-------- Recorded data

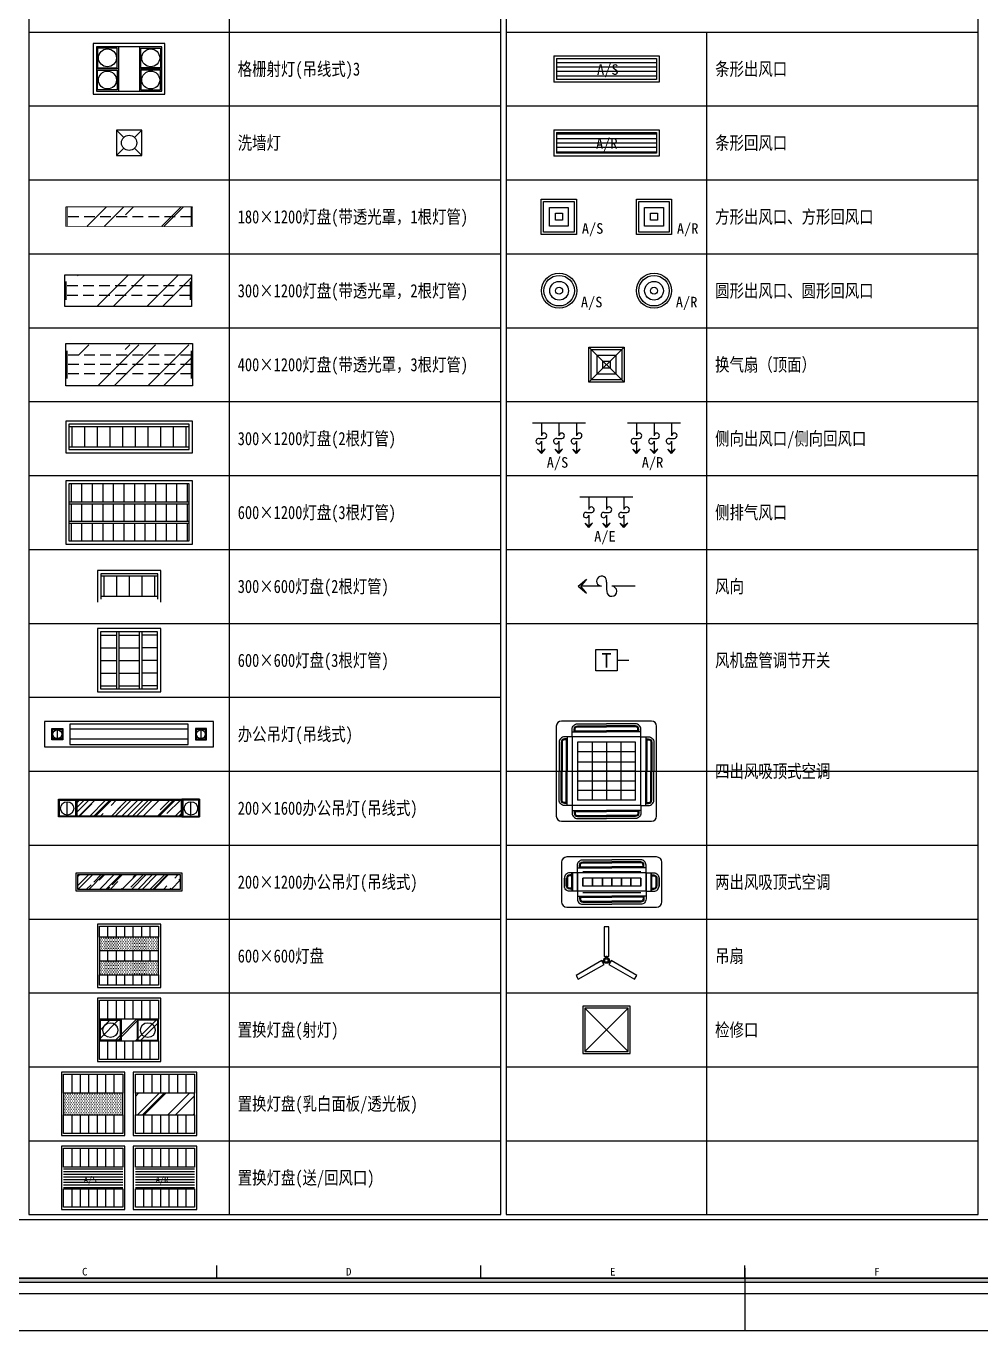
# Paper-space layout '布局1' of a CAD drawing. Header units: millimetres. Extents: x -13 to 1345, y 296 to 754.
# Drawn here: x 145.4 to 326.2, y 315.1 to 562.3 of the extents above; entities that cross this region are included whole.
import ezdxf
from ezdxf.enums import TextEntityAlignment as Align

# ---------------------------------------------------------------- set-up
doc = ezdxf.new("R2010")
doc.units = ezdxf.units.MM
doc.set_wipeout_variables(frame=1)
doc.linetypes.add('DASHED', pattern=[19.05, 12.7, -6.35])
for name, color, linetype in [('C-顶面灯具、灯带', 22, 'Continuous'), ('C-顶面设备（风口、换气扇、投影仪）', 7, 'Continuous'), ('C-顶面造型线', 32, 'Continuous'), ('W-图框', 251, 'Continuous'), ('W-文字', 35, 'Continuous')]:
    doc.layers.add(name, color=color, linetype=linetype)
doc.styles.add('A2图框$0$ZZ', font='SIMHEI.TTF')
doc.styles.add('ROMANS', font='ROMANS.shx', dxfattribs={"width": 0.75})
doc.styles.add('WORD-1', font='SIMFANG.TTF', dxfattribs={"width": 0.7, "height": 2.5})
doc.styles.add('WORD-2', font='SIMHEI.TTF', dxfattribs={"height": 2.5})
doc.styles.add('WORD-3', font='SimSun.ttf')
pattern_1 = [(225, (-163163.46, 83395.73), (-215.52615, -574.7364), [3810, -508, 1270, -254]), (225, (-163312.53, 83067.05), (418.47994, -59.2697), [762, -83.82, 1524, -190.5]), (225, (-163100.6, 83153.26), (-813.6112, -1054.28207), [2032, -355.6, 1016, -254])]

# ---------------------------------------------------------------- blocks, each defined once
blk = doc.blocks.new('洗墙灯')
blk.add_wipeout([(-150, 150), (0, 150), (0, 0), (-150, 0)])
at = {"color": 251}
for p, q in [((-150, 150), (-106.8, 106.8)), ((0, 150), (-43.2, 106.8)), ((-106.8, 43.2), (-150, 0)), ((-43.2, 43.2), (0, 0))]:
    blk.add_line(p, q, dxfattribs=at)
blk.add_lwpolyline([(-150, 0), (0, 0), (0, 150), (-150, 150)], close=True)
blk.add_circle((-75, 75), 45, dxfattribs=at)
blk = doc.blocks.new('*U75')
blk.add_wipeout([(114.5, 214), (454.5, 214), (454.5, -26), (114.5, -26)])
at = {"color": 251}
for p, q in [((234.5, 199), (234.5, -11)), ((334.5, 199), (334.5, -11)), ((234.5, 94), (129.5, 94)), ((334.5, 94), (439.5, 94))]:
    blk.add_line(p, q, dxfattribs=at)
blk.add_lwpolyline([(114.5, -26), (454.5, -26), (454.5, 214), (114.5, 214)], close=True)
for points in [[(129.5, -11), (439.5, -11), (439.5, 199), (129.5, 199)], [(135.5, 100), (228.5, 100), (228.5, 193), (135.5, 193)], [(433.5, 100), (340.5, 100), (340.5, 193), (433.5, 193)], [(135.5, 88), (228.5, 88), (228.5, -5), (135.5, -5)], [(433.5, 88), (340.5, 88), (340.5, -5), (433.5, -5)]]:
    blk.add_lwpolyline(points, close=True, dxfattribs=at)
for centre in [(182, 146.5), (387, 146.5), (182, 41.5), (387, 41.5)]:
    blk.add_circle(centre, 42.5, dxfattribs=at)
blk = doc.blocks.new('*U76')
blk.add_lwpolyline([(-9, -2), (1190, -2), (1190, 178), (-9, 178)], close=True)
blk.add_wipeout([(-9, 178), (1190, 178), (1190, -2), (-9, -2)])
h = blk.add_hatch()
h.set_pattern_fill('AR-RROOF', color=250, scale=500, angle=45, style=0)
h.set_pattern_definition([(45, (-9, -2.5), (424.26, 1131.37), [7500, -1000, 2500, -500]), (45, (284.5, 644.5), (-823.78, 116.67), [1500, -165, 3000, -375]), (45, (-132.72, 474.8), (1601.6, 2075.36), [4000, -700, 2000, -500])])
h.paths.add_polyline_path([(-9, -2), (1190, -2), (1190, 178), (-9, 178)])
at = {"color": 251, "linetype": 'Continuous'}
for p, q in [((0, 175), (0, 0)), ((1180, 175), (1180, 0))]:
    blk.add_line(p, q, dxfattribs=at)
at = {"color": 251, "linetype": 'DASHED', "ltscale": 8}
blk.add_line((1180, 88), (0, 88), dxfattribs=at)
blk = doc.blocks.new('*U77')
for p, q in [((-9, 237), (1191, 237)), ((-9, -63), (-9, 237)), ((1191, 237), (1191, -63)), ((1191, -63), (-9, -63))]:
    blk.add_line(p, q)
at = {"color": 251, "linetype": 'Continuous'}
for p, q in [((1, 175), (1, 0)), ((1181, 175), (1181, 0))]:
    blk.add_line(p, q, dxfattribs=at)
at = {"color": 251, "linetype": 'DASHED', "ltscale": 8}
for p, q in [((1181, 132), (1, 132)), ((1181, 43), (1, 43))]:
    blk.add_line(p, q, dxfattribs=at)
at = {"color": 251}
blk.add_line((111, 227), (121, 237), dxfattribs=at)
at = {"color": 250}
for p, q in [((295, -63), (595, 237)), ((450, -63), (750, 237)), ((769, -63), (1069, 237)), ((917, -63), (1191, 211))]:
    blk.add_line(p, q, dxfattribs=at)
blk = doc.blocks.new('*U78')
blk.add_wipeout([(27, 288), (1227, 288), (1227, -113), (27, -113)])
for p, q in [((27, 288), (1227, 288)), ((27, -113), (27, 288)), ((1227, 288), (1227, -113)), ((1227, -113), (27, -113))]:
    blk.add_line(p, q)
at = {"color": 250}
for p, q in [((148, 177), (246, 276)), ((332, -113), (720, 276)), ((487, -113), (876, 276)), ((590, 230), (635, 276)), ((805, -113), (1194, 276)), ((954, -113), (1227, 161))]:
    blk.add_line(p, q, dxfattribs=at)
at = {"color": 251, "linetype": 'Continuous'}
for p, q in [((37, 219), (37, -44)), ((1217, 219), (1217, -44))]:
    blk.add_line(p, q, dxfattribs=at)
at = {"color": 251, "linetype": 'DASHED', "ltscale": 8}
for p, q in [((1217, 176), (37, 176)), ((1217, 88), (37, 88)), ((1217, -1), (37, -1))]:
    blk.add_line(p, q, dxfattribs=at)
blk = doc.blocks.new('*U93')
blk.add_wipeout([(-58, 84), (1142, 84), (1142, -216), (-58, -216)])
at = {"color": 251}
for p, q in [((1112, 30), (-28, 30)), ((0, 30), (0, -162)), ((120, 30), (120, -162)), ((240, 30), (240, -162)), ((360, 30), (360, -162)), ((480, 30), (480, -162)), ((600, 30), (600, -162)), ((720, 30), (720, -162)), ((840, 30), (840, -162)), ((960, 30), (960, -162)), ((1080, 30), (1080, -162)), ((1112, -162), (-28, -162))]:
    blk.add_line(p, q, dxfattribs=at)
blk.add_lwpolyline([(1142, 84), (-58, 84), (-58, -216), (1142, -216)], close=True)
blk.add_lwpolyline([(1112, 54), (-28, 54), (-28, -186), (1112, -186)], close=True, dxfattribs=at)
blk = doc.blocks.new('*U94')
blk.add_wipeout([(-58, 219), (1142, 219), (1142, -381), (-58, -381)])
at = {"color": 251}
for p, q in [((-8, 189), (-8, 21)), ((92, 189), (92, 21)), ((192, 189), (192, 21)), ((292, 189), (292, 21)), ((392, 189), (392, 21)), ((392, 189), (392, 21)), ((492, 189), (492, 21)), ((592, 189), (592, 21)), ((692, 189), (692, 21)), ((792, 189), (792, 21)), ((892, 189), (892, 21)), ((992, 189), (992, 21)), ((1092, 189), (1092, 21)), ((-28, 21), (1112, 21)), ((-28, 1), (1112, 1)), ((-8, 1), (-8, -163)), ((92, 1), (92, -163)), ((192, 1), (192, -163)), ((292, 1), (292, -163)), ((392, 1), (392, -163)), ((392, 1), (392, -163)), ((492, 1), (492, -163)), ((592, 1), (592, -163)), ((692, 1), (692, -163)), ((792, 1), (792, -163)), ((892, 1), (892, -163)), ((992, 1), (992, -163)), ((1092, 1), (1092, -163)), ((-28, -163), (1112, -163)), ((-28, -183), (1112, -183)), ((-8, -183), (-8, -351)), ((92, -183), (92, -351)), ((192, -183), (192, -351)), ((292, -183), (292, -351)), ((392, -183), (392, -351)), ((392, -183), (392, -351)), ((492, -183), (492, -351)), ((592, -183), (592, -351)), ((692, -183), (692, -351)), ((792, -183), (792, -351)), ((892, -183), (892, -351)), ((992, -183), (992, -351)), ((1092, -183), (1092, -351))]:
    blk.add_line(p, q, dxfattribs=at)
blk.add_lwpolyline([(1142, -381), (1142, 219), (-58, 219), (-58, -381)], close=True)
blk.add_lwpolyline([(1112, -351), (1112, 189), (-28, 189), (-28, -351)], close=True, dxfattribs=at)
blk = doc.blocks.new('*U95')
blk.add_wipeout([(242, 69), (842, 69), (842, -231), (242, -231)])
for p, q in [((842, 69), (242, 69)), ((242, 69), (242, -231)), ((842, -231), (842, 69))]:
    blk.add_line(p, q)
at = {"color": 251}
for p, q in [((812, 39), (272, 39)), ((272, 39), (272, -201)), ((812, 15), (272, 15)), ((300, 15), (300, -177)), ((420, 15), (420, -177)), ((540, 15), (540, -177)), ((660, 15), (660, -177)), ((780, 15), (780, -177)), ((812, -201), (812, 39)), ((812, -177), (272, -177))]:
    blk.add_line(p, q, dxfattribs=at)
blk = doc.blocks.new('*U96')
blk.add_wipeout([(242, 219), (842, 219), (842, -381), (242, -381)])
for p, q in [((842, 219), (242, 219)), ((242, 219), (242, -381)), ((842, -381), (842, 219)), ((242, -381), (842, -381))]:
    blk.add_line(p, q)
at = {"color": 251}
for p, q in [((272, 189), (272, -351)), ((812, 189), (272, 189)), ((272, 157), (422, 157)), ((422, 189), (422, -351)), ((446, 189), (446, -351)), ((446, 157), (638, 157)), ((638, 189), (638, -351)), ((662, 189), (662, -351)), ((812, 157), (662, 157)), ((812, -351), (812, 189)), ((272, 37), (422, 37)), ((446, 37), (638, 37)), ((812, 37), (662, 37)), ((272, -83), (422, -83)), ((446, -83), (638, -83)), ((812, -83), (662, -83)), ((272, -203), (422, -203)), ((446, -203), (638, -203)), ((812, -203), (662, -203)), ((272, -323), (422, -323)), ((272, -351), (812, -351)), ((446, -323), (638, -323)), ((812, -323), (662, -323))]:
    blk.add_line(p, q, dxfattribs=at)
blk = doc.blocks.new('办公吊灯(吊线式)')
blk.add_wipeout([(-2000, 300), (0, 300), (0, 0), (-2000, 0)])
at = {"color": 251}
for p, q in [((-1850, 202), (-1850, 98)), ((-300, 208), (-1700, 208)), ((-150, 202), (-150, 98)), ((-300, 92), (-1700, 92))]:
    blk.add_line(p, q, dxfattribs=at)
blk.add_lwpolyline([(0, 300), (-2000, 300), (-2000, 0), (0, 0)], close=True)
for points in [[(-1784, 84), (-1916, 84), (-1916, 216), (-1784, 216)], [(-1794, 94), (-1906, 94), (-1906, 206), (-1794, 206)], [(-300, 270), (-1700, 270), (-1700, 30), (-300, 30)], [(-216, 84), (-84, 84), (-84, 216), (-216, 216)], [(-206, 94), (-94, 94), (-94, 206), (-206, 206)]]:
    blk.add_lwpolyline(points, close=True, dxfattribs=at)
for centre in [(-1850, 150), (-150, 150)]:
    blk.add_circle(centre, 52.5, dxfattribs=at)
blk = doc.blocks.new('吊扇')
at = {"color": 251}
for points in [[(0, 0), (80, 0), (80, 530), (0, 530)], [(30, -20), (50, -20), (50, 0), (30, 0)], [(-1, -140), (-41, -70), (-500, -335), (-460, -405)], [(2, -104), (-8, -86), (-26, -96), (-16, -114)], [(88, -86), (78, -104), (96, -114), (106, -96)], [(121, -70), (81, -140), (540, -405), (580, -335)]]:
    blk.add_lwpolyline(points, close=True, dxfattribs=at)
for radius in [50, 30]:
    blk.add_circle((40, -70), radius, dxfattribs=at)
blk = doc.blocks.new('换气扇（顶面）')
at = {"color": 251}
for p, q in [((-100, -100), (100, 100)), ((100, -100), (-100, 100))]:
    blk.add_line(p, q, dxfattribs=at)
blk.add_lwpolyline([(-100, 100), (100, 100), (100, -100), (-100, -100)], close=True)
for points in [[(-86.7, 86.7), (86.7, 86.7), (86.7, -86.7), (-86.7, -86.7)], [(-53.3, 53.3), (53.3, 53.3), (53.3, -53.3), (-53.3, -53.3)], [(-20, 20), (20, 20), (20, -20), (-20, -20)]]:
    blk.add_lwpolyline(points, close=True, dxfattribs=at)
blk = doc.blocks.new('方形风口')
blk.add_lwpolyline([(0, 200), (200, 200), (200, 0), (0, 0)], close=True)
at = {"color": 251}
for points in [[(13.3, 186.7), (186.7, 186.7), (186.7, 13.3), (13.3, 13.3)], [(46.7, 153.3), (153.3, 153.3), (153.3, 46.7), (46.7, 46.7)], [(80, 120), (120, 120), (120, 80), (80, 80)]]:
    blk.add_lwpolyline(points, close=True, dxfattribs=at)
at = {"layer": 'C-顶面设备（风口、换气扇、投影仪）', "color": 7}
for points in [[(0, 200), (200, 200), (200, 0), (0, 0)], [(13.3, 186.7), (186.7, 186.7), (186.7, 13.3), (13.3, 13.3)], [(46.7, 153.3), (153.3, 153.3), (153.3, 46.7), (46.7, 46.7)], [(80, 120), (120, 120), (120, 80), (80, 80)]]:
    blk.add_lwpolyline(points, close=True, dxfattribs=at)
at = {"style": 'WORD-2', "flags": 1}
blk.add_attdef('A/S', (-139.8, 2.7), '', height=60, dxfattribs=at)
at = {"style": 'WORD-2'}
blk.add_attdef('A/S', (-139.8, 2.7), '', height=60, dxfattribs=at)
blk = doc.blocks.new('圆形风口')
blk.add_circle((0, 0), 100)
at = {"color": 251}
for radius in [86.7, 53.3, 20]:
    blk.add_circle((0, 0), radius, dxfattribs=at)
at = {"style": 'WORD-2'}
blk.add_attdef('A/S', (123.8, -94.4), '', height=60, dxfattribs=at)
blk = doc.blocks.new('*U90')
at = {"linetype": 'DASHED', "ltscale": 5}
h = blk.add_hatch(dxfattribs=at)
h.set_pattern_fill('ANSI31', color=250, scale=8, angle=315, style=0)
h.set_pattern_definition([(0, (483.662, 0), (9e-15, 25.4), [])])
h.paths.add_polyline_path([(583.9, 16.1), (583.9, 133.9), (16.1, 133.9), (16.1, 16.1)])
blk.add_line((0, 150), (0, 0))
at = {"color": 251}
blk.add_line((16.1, 133.9), (16.1, 16.1), dxfattribs=at)
blk.add_lwpolyline([(0, 150), (600, 150), (600, 0), (0, 0)])
blk.add_lwpolyline([(0, 150), (600, 150), (600, 0), (0, 0)])
blk.add_lwpolyline([(16.1, 133.9), (583.9, 133.9), (583.9, 16.1), (16.1, 16.1)], dxfattribs=at)
blk.add_lwpolyline([(16.1, 133.9), (583.9, 133.9), (583.9, 16.1), (16.1, 16.1)], dxfattribs=at)
at = {"style": 'WORD-2'}
blk.add_attdef('A/S_001', (246.1, 41.6), '', height=60, dxfattribs=at)
blk = doc.blocks.new('风机盘管调节开关')
for p, q in [((-120.5, 0), (-120.5, 120.5)), ((-120.5, 120.5), (0, 120.5)), ((0, 120.5), (0, 0)), ((0, 0), (-120.5, 0)), ((0, 60.3), (66.8, 60.3))]:
    blk.add_line(p, q)
at = {"color": 251, "style": 'ROMANS', "text_generation_flag": 4, "width": 0.75}
blk.add_attdef('T', text='', height=83.3, rotation=180, dxfattribs=at).set_placement((-60.3, 60.3), align=Align.MIDDLE)
blk = doc.blocks.new('风向')
at = {"color": 7, "linetype": 'ByBlock'}
for p, q in [((-323.6, 0), (-276.8, 39.4)), ((-323.6, 0), (-276.8, -39.4)), ((-276.8, 39.4), (-307.9, 0)), ((-190.8, 0), (-307.9, 0)), ((-276.8, -39.4), (-307.9, 0)), ((0, 0), (-132.8, 0))]:
    blk.add_line(p, q, dxfattribs=at)
for centre, radius, start, end in [((-190.4, 28.7), 28.7, 349.22286, 269.23605), ((225, -0.8), 388, 176.4344, 184.45184), ((-133.2, -28.7), 28.7, 184.45184, 89.23605)]:
    blk.add_arc(centre, radius, start, end, dxfattribs=at)
blk = doc.blocks.new('*U92')
at = {"color": 251}
blk.add_line((150, 0), (-150, 0), dxfattribs=at)
at = {"color": 7, "linetype": 'ByBlock'}
for p, q in [((-100, 0), (-100, -70.9)), ((0, 0), (0, -70.9)), ((100, 0), (100, -70.9)), ((-100, -172.8), (-121, -147.8)), ((-121, -147.8), (-100, -164.4)), ((-100, -101.9), (-100, -164.4)), ((-100, -172.8), (-79, -147.8)), ((-79, -147.8), (-100, -164.4)), ((0, -172.8), (-21, -147.8)), ((-21, -147.8), (0, -164.4)), ((0, -101.9), (0, -164.4)), ((0, -172.8), (21, -147.8)), ((21, -147.8), (0, -164.4)), ((100, -172.8), (79, -147.8)), ((79, -147.8), (100, -164.4)), ((100, -101.9), (100, -164.4)), ((100, -172.8), (121, -147.8)), ((121, -147.8), (100, -164.4))]:
    blk.add_line(p, q, dxfattribs=at)
for centre, radius, start, end in [((-84.7, -71.1), 15.3, 274.45184, 179.23605), ((15.3, -71.1), 15.3, 274.45184, 179.23605), ((115.3, -71.1), 15.3, 274.45184, 179.23605), ((-115.3, -101.7), 15.3, 79.22286, 359.23605), ((-99.6, 120.1), 207.2, 266.4344, 274.45184), ((-15.3, -101.7), 15.3, 79.22286, 359.23605), ((0.4, 120.1), 207.2, 266.4344, 274.45184), ((84.7, -101.7), 15.3, 79.22286, 359.23605), ((100.4, 120.1), 207.2, 266.4344, 274.45184)]:
    blk.add_arc(centre, radius, start, end, dxfattribs=at)
at = {"style": 'WORD-2'}
blk.add_attdef('A/S', (222.2, -124.7), '', height=60, dxfattribs=at)
blk = doc.blocks.new('四出风吸顶式空调')
for p, q in [((-900, 900), (-900, 50)), ((0, 950), (-850, 950)), ((50, 50), (50, 900)), ((-850, 0), (0, 0))]:
    blk.add_line(p, q)
at = {"color": 251}
for p, q in [((-700, 895), (-425, 895)), ((-150, 895), (-425, 895)), ((-845, 750), (-845, 475)), ((-750, 800), (-750, 150)), ((-100, 800), (-750, 800)), ((-700, 750), (-700, 200)), ((-150, 750), (-700, 750)), ((-562, 750), (-562, 200)), ((-425, 750), (-425, 200)), ((-288, 750), (-288, 200)), ((-150, 200), (-150, 750)), ((-100, 150), (-100, 800)), ((-5, 750), (-5, 475)), ((-150, 657), (-700, 657)), ((-150, 561), (-700, 561)), ((-845, 200), (-845, 475)), ((-150, 474), (-700, 474)), ((-150, 381), (-700, 381)), ((-5, 200), (-5, 475)), ((-150, 293), (-700, 293)), ((-100, 150), (-750, 150)), ((-150, 200), (-700, 200)), ((-700, 55), (-425, 55)), ((-150, 55), (-425, 55))]:
    blk.add_line(p, q, dxfattribs=at)
for points in [[(-750, 800), (-750, 873, -0.414214), (-700, 923), (-425, 923)], [(-730, 852), (-730, 873, -0.414214), (-700, 903), (-425, 903)], [(-722, 852), (-722, 873, -0.414214), (-700, 895)], [(-100, 800), (-100, 873, 0.414214), (-150, 923), (-425, 923)], [(-120, 852), (-120, 873, 0.414214), (-150, 903), (-425, 903)], [(-128, 852), (-128, 873, 0.414214), (-150, 895)], [(-750, 800), (-823, 800, 0.414214), (-873, 750), (-873, 475)], [(-802, 780), (-823, 780, 0.414214), (-853, 750), (-853, 475)], [(-802, 772), (-823, 772, 0.414214), (-845, 750)], [(-100, 800), (-27, 800, -0.414214), (23, 750), (23, 475)], [(-48, 780), (-27, 780, -0.414214), (3, 750), (3, 475)], [(-48, 772), (-27, 772, -0.414214), (-5, 750)], [(-750, 150), (-823, 150, -0.414214), (-873, 200), (-873, 475)], [(-802, 170), (-823, 170, -0.414214), (-853, 200), (-853, 475)], [(-100, 150), (-27, 150, 0.414214), (23, 200), (23, 475)], [(-48, 170), (-27, 170, 0.414214), (3, 200), (3, 475)], [(-802, 178), (-823, 178, -0.414214), (-845, 200)], [(-750, 150), (-750, 77, 0.414214), (-700, 27), (-425, 27)], [(-100, 150), (-100, 77, -0.414214), (-150, 27), (-425, 27)], [(-48, 178), (-27, 178, 0.414214), (-5, 200)], [(-730, 98), (-730, 77, 0.414214), (-700, 47), (-425, 47)], [(-722, 98), (-722, 77, 0.414214), (-700, 55)], [(-120, 98), (-120, 77, -0.414214), (-150, 47), (-425, 47)], [(-128, 98), (-128, 77, -0.414214), (-150, 55)]]:
    blk.add_lwpolyline(points, format="xyb", dxfattribs=at)
for points in [[(-806, 780), (-806, 475)], [(-802, 780), (-802, 475)], [(-796, 800), (-796, 475)], [(-750, 846), (-425, 846)], [(-730, 856), (-425, 856)], [(-730, 852), (-425, 852)], [(-120, 856), (-425, 856)], [(-120, 852), (-425, 852)], [(-100, 846), (-425, 846)], [(-54, 800), (-54, 475)], [(-48, 780), (-48, 475)], [(-44, 780), (-44, 475)], [(-806, 170), (-806, 475)], [(-802, 170), (-802, 475)], [(-796, 150), (-796, 475)], [(-54, 150), (-54, 475)], [(-48, 170), (-48, 475)], [(-44, 170), (-44, 475)], [(-750, 104), (-425, 104)], [(-730, 98), (-425, 98)], [(-730, 94), (-425, 94)], [(-100, 104), (-425, 104)], [(-120, 98), (-425, 98)], [(-120, 94), (-425, 94)]]:
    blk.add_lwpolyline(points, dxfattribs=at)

----------------

▶ _About this exercise_:
Please report every line of the records above that contains the word "styles".

▶ _Completed task_:
doc.styles.add('A2图框$0$ZZ', font='SIMHEI.TTF')
doc.styles.add('ROMANS', font='ROMANS.shx', dxfattribs={"width": 0.75})
doc.styles.add('WORD-1', font='SIMFANG.TTF', dxfattribs={"width": 0.7, "height": 2.5})
doc.styles.add('WORD-2', font='SIMHEI.TTF', dxfattribs={"height": 2.5})
doc.styles.add('WORD-3', font='SimSun.ttf')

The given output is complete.